ASSIGNED TASK
In the entries that follow, find the line containing "VLoad/1 -> Mean/1, Display/1, [Vout], Control" and the line containing "Relational Operator2 : RelationalOperator", then copy exactly everything from the first through the second except the pictures.
»»
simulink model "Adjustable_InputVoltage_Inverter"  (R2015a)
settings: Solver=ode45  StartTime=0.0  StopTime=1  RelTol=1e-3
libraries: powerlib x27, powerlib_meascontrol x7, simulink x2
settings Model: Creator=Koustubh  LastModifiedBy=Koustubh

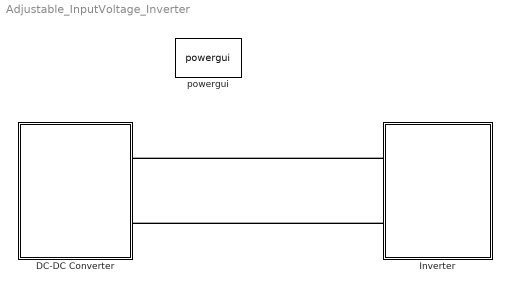
== system Adjustable_InputVoltage_Inverter ==
  DC-DC Converter : Subsystem
  Inverter : Subsystem
  powergui : powerlib/powergui  Priority=1  SimulationMode=Discrete  SolverType=Tustin/Backward Euler (TBE)  SampleTime=50e-6  frequency=60  SPID=off  DisableSnubberDevices=off  DisableRonSwitches=off  DisableVfSwitches=off  SwTol=0  DisplayEquations=off  Interpol=off  methode=off  Ts=100  FunctionMessages=off  echomessages=off  HookPort=off  EnableUseOfTLC=off  x0status=blocks  frequencyindice=0  Pbase=100e6  ErrMax=1e-4  Iterations=50  UnitsV=kV  UnitsW=MW  buscounter=0  RestoreLinks=warning  ResistiveCurrentMeasurement=off  Frange=[0:2:500]  Ylog=off  Xlog=on  ShowGrid=off  save=off  variable=ZData  structure=0  ZoomFFT=off  StartTime=0.0  cycles=1  DisplayStyle=1  fundamental=60  FreqAxis=off  MaxFrequency=1000  frequencyindicesteady=1  RmsSteady=1  display=off
  connections:
  Inverter/LConn1 -- DC-DC Converter/RConn1
  Inverter/LConn2 -- DC-DC Converter/RConn2

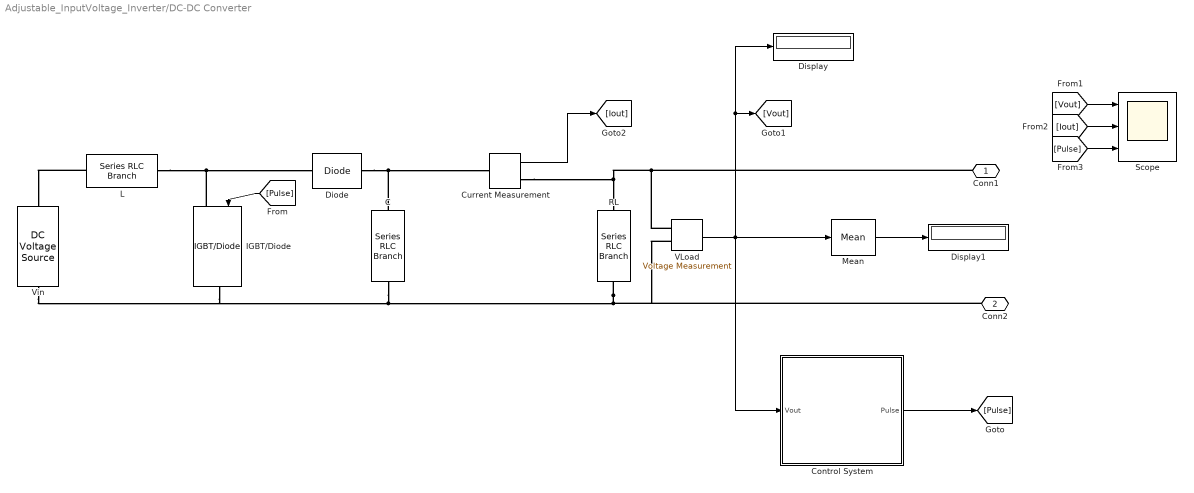
== system Adjustable_InputVoltage_Inverter/DC-DC Converter ==
  C : powerlib/Elements/Series RLC Branch  LConnTagsString=__new0  RConnTagsString=__new0  BranchType=C  Resistance=1  Inductance=1e-3  SetiL0=off  InitialCurrent=0  Capacitance=680e-6  Setx0=off  InitialVoltage=0  Measurements=None
  Control System : Subsystem
  Current Measurement : powerlib/Measurements/Current Measurement  PhasorSimulation=off  OutputType=Complex  PSBequivalent=0
  Diode : powerlib/Power Electronics/Diode  Ron=0.001  Lon=0  Vf=0.8  IC=0  UseSnubber=off  Rs=500  Cs=250e-9  Measurements=off
  Display : Display
  Display1 : Display
  IGBT/Diode : powerlib/Power Electronics/IGBT//Diode  Ron=1e-3  Rs=1e5  Cs=inf  Measurements=off
  L : powerlib/Elements/Series RLC Branch  LConnTagsString=__new0  RConnTagsString=__new0  BranchType=L  Resistance=1  Inductance=60e-6  SetiL0=off  InitialCurrent=0  Capacitance=1e-6  Setx0=off  InitialVoltage=0  Measurements=None
  Mean : powerlib_meascontrol/Measurements/Mean  Freq=60  Vinit=0  Ts=0
  RL : powerlib/Elements/Series RLC Branch  LConnTagsString=__new0  RConnTagsString=__new0  BranchType=R  Resistance=4.8  Inductance=1e-3  SetiL0=off  InitialCurrent=0  Capacitance=1e-6  Setx0=off  InitialVoltage=0  Measurements=None
  Scope : Scope  NumInputPorts=3
      settings: YMin=-5~-5~-5  YMax=5~5~5
  VLoad : powerlib/Measurements/Voltage Measurement  PhasorSimulation=off  OutputType=Complex  PSBequivalent=0
  Vin : powerlib/Electrical Sources/DC Voltage Source  Amplitude=12  Measurements=None
  Conn1 : PMIOPort  Port=1  Side=Right
  Conn2 : PMIOPort  Port=2  Side=Right
  wires:
  VLoad/1 -> Mean/1, Display/1, [Vout], Control System/1(Vout)
  [Pulse] -> IGBT/Diode/1
  Control System/1(Pulse) -> [Pulse]
  [Vout] -> Scope/1
  Current Measurement/1 -> [Iout]
  [Iout] -> Scope/2
  [Pulse] -> Scope/3
  Mean/1 -> Display1/1
  connections:
  RL/RConn1 -- IGBT/Diode/RConn1 -- Vin/LConn1 -- C/RConn1 -- VLoad/LConn2 -- Conn2/RConn1
  C/LConn1 -- Current Measurement/LConn1 -- Diode/RConn1
  Conn1/RConn1 -- Current Measurement/RConn1 -- RL/LConn1 -- VLoad/LConn1
  L/LConn1 -- Vin/RConn1
  L/RConn1 -- IGBT/Diode/LConn1 -- Diode/LConn1

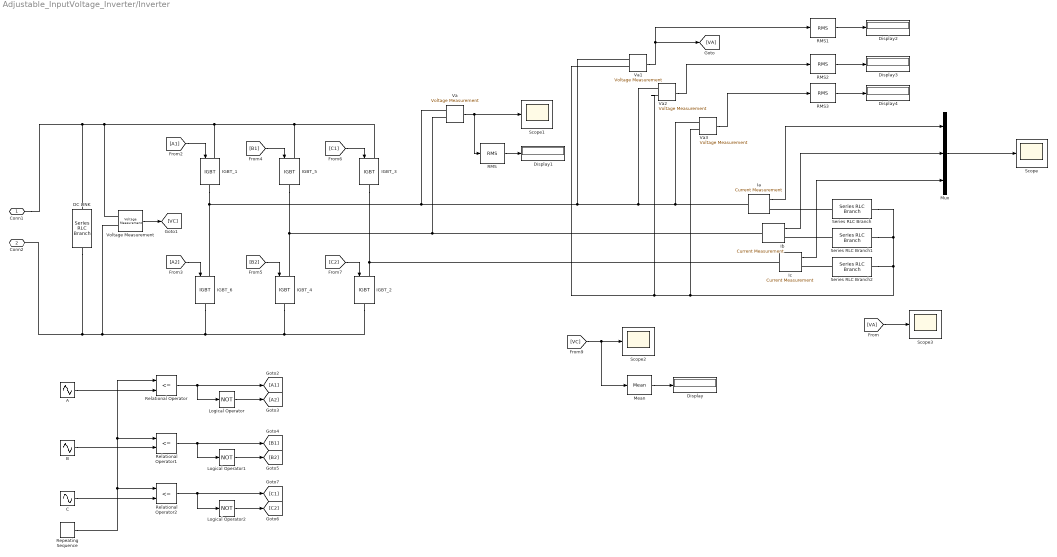
== system Adjustable_InputVoltage_Inverter/Inverter ==
  A : Sin  Frequency=2*pi*50  SampleTime=0
  B : Sin  Frequency=2*pi*50  Phase=120*pi/180  SampleTime=0
  C : Sin  Frequency=2*pi*50  Phase=240*pi/180  SampleTime=0
  "DC LINK " : powerlib/Elements/Series RLC Branch  LConnTagsString=__new0  RConnTagsString=__new0  BranchType=C  Resistance=1  Inductance=1e-3  SetiL0=off  InitialCurrent=0  Capacitance=4700e-6  Setx0=off  InitialVoltage=0  Measurements=None
  Display{,1..4} (5 alike) : Display
  IGBT_{1..6} (6 alike) : powerlib/Power Electronics/IGBT  Ron=0.001  Lon=0  Vf=1  Tf=1e-6  Tt=2e-6  IC=0  Rs=1e5  Cs=inf  Measurements=off
  Ia : powerlib/Measurements/Current Measurement  PhasorSimulation=off  OutputType=Complex  PSBequivalent=0
  Ib : powerlib/Measurements/Current Measurement  PhasorSimulation=off  OutputType=Complex  PSBequivalent=0
  Ic : powerlib/Measurements/Current Measurement  PhasorSimulation=off  OutputType=Complex  PSBequivalent=0
  Logical Operator : Logic  Operator=NOT  AllPortsSameDT=off  OutDataTypeStr=boolean
  Logical Operator1 : Logic  Operator=NOT  AllPortsSameDT=off  OutDataTypeStr=boolean
  Logical Operator2 : Logic  Operator=NOT  AllPortsSameDT=off  OutDataTypeStr=boolean
  Mean : powerlib_meascontrol/Measurements/Mean  Freq=60  Vinit=0  Ts=0
  Mux : Mux  Inputs=3
  RMS{,1..3} (4 alike) : powerlib_meascontrol/Measurements/RMS  TrueRMS=on  Freq=60  RMSInit=120  Ts=0
  Relational Operator : RelationalOperator  Operator=<=  OutDataTypeStr=boolean
  Relational Operator1 : RelationalOperator  Operator=<=  OutDataTypeStr=boolean
  Relational Operator2 : RelationalOperator  Operator=<=  OutDataTypeStr=boolean
  Repeating Sequence : simulink/Sources/Repeating Sequence  rep_seq_t=[0 1/62500]  rep_seq_y=[-1 1]
  Scope{,1..3} (4 alike) : Scope
      Scope settings: YMin=-1  YMax=1.1
      Scope1 settings: YMin=-125  YMax=200  SaveName=ScopeData2
      Scope2 settings: SaveName=ScopeData3
      Scope3 settings: YMin=-1  YMax=1.1  SaveName=ScopeData4
  Series RLC Branch : powerlib/Elements/Series RLC Branch  LConnTagsString=__new0  RConnTagsString=__new0  BranchType=RL  Resistance=5  Inductance=5e-3  SetiL0=off  InitialCurrent=0  Capacitance=1e-6  Setx0=off  InitialVoltage=0  Measurements=None
  Series RLC Branch1 : powerlib/Elements/Series RLC Branch  LConnTagsString=__new0  RConnTagsString=__new0  BranchType=RL  Resistance=5  Inductance=5e-3  SetiL0=off  InitialCurrent=0  Capacitance=1e-6  Setx0=off  InitialVoltage=0  Measurements=None
  Series RLC Branch2 : powerlib/Elements/Series RLC Branch  LConnTagsString=__new0  RConnTagsString=__new0  BranchType=RL  Resistance=5  Inductance=5e-3  SetiL0=off  InitialCurrent=0  Capacitance=1e-6  Setx0=off  InitialVoltage=0  Measurements=None
  Va{,1..3} (4 alike) : powerlib/Measurements/Voltage Measurement  PhasorSimulation=off  OutputType=Complex  PSBequivalent=0
  Voltage Measurement : powerlib/Measurements/Voltage Measurement  PhasorSimulation=off  OutputType=Complex  PSBequivalent=0
  Conn1 : PMIOPort  Port=1  Side=Left
  Conn2 : PMIOPort  Port=2  Side=Left
  wires:
  Relational Operator/1 -> [A1], Logical Operator/1
  Relational Operator1/1 -> [B1], Logical Operator1/1
  Relational Operator2/1 -> [C1], Logical Operator2/1
  Logical Operator/1 -> [A2]
  Logical Operator1/1 -> [B2]
  Logical Operator2/1 -> [C2]
  [A1] -> IGBT_1/1
  [A2] -> IGBT_6/1
  [B2] -> IGBT_4/1
  [C2] -> IGBT_2/1
  [B1] -> IGBT_5/1
  [C1] -> IGBT_3/1
  Repeating Sequence/1 -> Relational Operator2/1, Relational Operator1/1, Relational Operator/1
  A/1 -> Relational Operator/2
  B/1 -> Relational Operator1/2
  C/1 -> Relational Operator2/2
  Ic/1 -> Mux/3
  Ib/1 -> Mux/2
  Ia/1 -> Mux/1
  Mux/1 -> Scope/1
  Voltage Measurement/1 -> [VC]
  [VC] -> Mean/1, Scope2/1
  Mean/1 -> Display/1
  Va/1 -> RMS/1, Scope1/1
  RMS/1 -> Display1/1
  Va1/1 -> [VA], RMS1/1
  RMS1/1 -> Display2/1
  Va2/1 -> RMS2/1
  RMS2/1 -> Display3/1
  RMS3/1 -> Display4/1
  Va3/1 -> RMS3/1
  [VA] -> Scope3/1
  connections:
  IGBT_1/RConn1 -- Va3/LConn1 -- Ia/LConn1 -- Va2/LConn1 -- Va1/LConn1 -- Va/LConn1 -- IGBT_6/LConn1
  IGBT_5/RConn1 -- Va/LConn2 -- Ib/LConn1 -- IGBT_4/LConn1
  IGBT_3/RConn1 -- IGBT_2/LConn1 -- Ic/LConn1
  "DC LINK "/RConn1 -- Voltage Measurement/LConn2 -- IGBT_2/RConn1 -- IGBT_4/RConn1 -- IGBT_6/RConn1 -- Conn2/RConn1
  IGBT_3/LConn1 -- Conn1/RConn1 -- "DC LINK "/LConn1 -- Voltage Measurement/LConn1 -- IGBT_1/LConn1 -- IGBT_5/LConn1
  Series RLC Branch1/RConn1 -- Series RLC Branch/RConn1 -- Va3/LConn2 -- Va2/LConn2 -- Va1/LConn2 -- Series RLC Branch2/RConn1
  Series RLC Branch/LConn1 -- Ia/RConn1
  Series RLC Branch1/LConn1 -- Ib/RConn1
  Series RLC Branch2/LConn1 -- Ic/RConn1

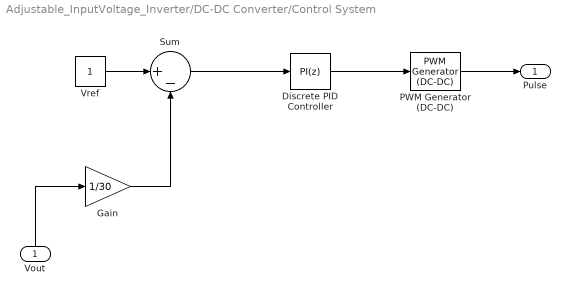
== system Adjustable_InputVoltage_Inverter/DC-DC Converter/Control System ==
  Vout : Inport
  Discrete PID Controller : simulink/Continuous/PID Controller  Controller=PI  TimeDomain=Discrete-time  SampleTime=50e-6  IntegratorMethod=Forward Euler  FilterMethod=Forward Euler  Form=Parallel  UseFilter=on  ControllerParametersSource=internal  P=0.25  I=40  D=0  N=100  InitialConditionSource=internal  InitialConditionForIntegrator=0  InitialConditionForFilter=0  ExternalReset=none  LimitOutput=on  UpperSaturationLimit=0.95  LowerSaturationLimit=0.1  LinearizeAsGain=off  AntiWindupMode=none  Kb=1  TrackingMode=off  Kt=1  PParamMin=[]  PParamMax=[]  IParamMin=[]  IParamMax=[]  DParamMin=[]  DParamMax=[]  NParamMin=[]  NParamMax=[]  KbParamMin=[]  KbParamMax=[]  KtParamMin=[]  KtParamMax=[]  POutMin=[]  POutMax=[]  IOutMin=[]  IOutMax=[]  DOutMin=[]  DOutMax=[]  NOutMin=[]  NOutMax=[]  KbOutMin=[]  KbOutMax=[]  KtOutMin=[]  KtOutMax=[]  IntegratorOutMin=[]  IntegratorOutMax=[]  FilterOutMin=[]  FilterOutMax=[]  SumOutMin=[]  SumOutMax=[]  SumI1OutMin=[]  SumI1OutMax=[]  SumI2OutMin=[]  SumI2OutMax=[]  SumI3OutMin=[]  SumI3OutMax=[]  SumDOutMin=[]  SumDOutMax=[]  SaturationOutMin=[]  SaturationOutMax=[]  IntegratorContinuousStateAttributes=''  IntegratorStateMustResolveToSignalObject=off  IntegratorRTWStateStorageClass=Auto  FilterContinuousStateAttributes=''  FilterStateMustResolveToSignalObject=off  FilterRTWStateStorageClass=Auto  DifferentiatorICPrevScaledInput=0  DifferentiatorOutMin=[]  DifferentiatorOutMax=[]
  Gain : Gain  Gain=1/30
  PWM Generator (DC-DC) : powerlib_meascontrol/Pulse & Signal Generators/PWM Generator (DC-DC)  Fsw=5000  Ts=0
  Sum : Sum  Inputs=|+-
  Vref : Constant
  Pulse : Outport
  wires:
  Vout/1 -> Gain/1
  Vref/1 -> Sum/1
  Sum/1 -> Discrete PID Controller/1
  PWM Generator (DC-DC)/1 -> Pulse/1
  Gain/1 -> Sum/2
  Discrete PID Controller/1 -> PWM Generator (DC-DC)/1
««
RESPONSE TO THE TASK
  VLoad/1 -> Mean/1, Display/1, [Vout], Control System/1(Vout)
  [Pulse] -> IGBT/Diode/1
  Control System/1(Pulse) -> [Pulse]
  [Vout] -> Scope/1
  Current Measurement/1 -> [Iout]
  [Iout] -> Scope/2
  [Pulse] -> Scope/3
  Mean/1 -> Display1/1
  connections:
  RL/RConn1 -- IGBT/Diode/RConn1 -- Vin/LConn1 -- C/RConn1 -- VLoad/LConn2 -- Conn2/RConn1
  C/LConn1 -- Current Measurement/LConn1 -- Diode/RConn1
  Conn1/RConn1 -- Current Measurement/RConn1 -- RL/LConn1 -- VLoad/LConn1
  L/LConn1 -- Vin/RConn1
  L/RConn1 -- IGBT/Diode/LConn1 -- Diode/LConn1

== system Adjustable_InputVoltage_Inverter/Inverter ==
  A : Sin  Frequency=2*pi*50  SampleTime=0
  B : Sin  Frequency=2*pi*50  Phase=120*pi/180  SampleTime=0
  C : Sin  Frequency=2*pi*50  Phase=240*pi/180  SampleTime=0
  "DC LINK " : powerlib/Elements/Series RLC Branch  LConnTagsString=__new0  RConnTagsString=__new0  BranchType=C  Resistance=1  Inductance=1e-3  SetiL0=off  InitialCurrent=0  Capacitance=4700e-6  Setx0=off  InitialVoltage=0  Measurements=None
  Display{,1..4} (5 alike) : Display
  IGBT_{1..6} (6 alike) : powerlib/Power Electronics/IGBT  Ron=0.001  Lon=0  Vf=1  Tf=1e-6  Tt=2e-6  IC=0  Rs=1e5  Cs=inf  Measurements=off
  Ia : powerlib/Measurements/Current Measurement  PhasorSimulation=off  OutputType=Complex  PSBequivalent=0
  Ib : powerlib/Measurements/Current Measurement  PhasorSimulation=off  OutputType=Complex  PSBequivalent=0
  Ic : powerlib/Measurements/Current Measurement  PhasorSimulation=off  OutputType=Complex  PSBequivalent=0
  Logical Operator : Logic  Operator=NOT  AllPortsSameDT=off  OutDataTypeStr=boolean
  Logical Operator1 : Logic  Operator=NOT  AllPortsSameDT=off  OutDataTypeStr=boolean
  Logical Operator2 : Logic  Operator=NOT  AllPortsSameDT=off  OutDataTypeStr=boolean
  Mean : powerlib_meascontrol/Measurements/Mean  Freq=60  Vinit=0  Ts=0
  Mux : Mux  Inputs=3
  RMS{,1..3} (4 alike) : powerlib_meascontrol/Measurements/RMS  TrueRMS=on  Freq=60  RMSInit=120  Ts=0
  Relational Operator : RelationalOperator  Operator=<=  OutDataTypeStr=boolean
  Relational Operator1 : RelationalOperator  Operator=<=  OutDataTypeStr=boolean
  Relational Operator2 : RelationalOperator  Operator=<=  OutDataTypeStr=boolean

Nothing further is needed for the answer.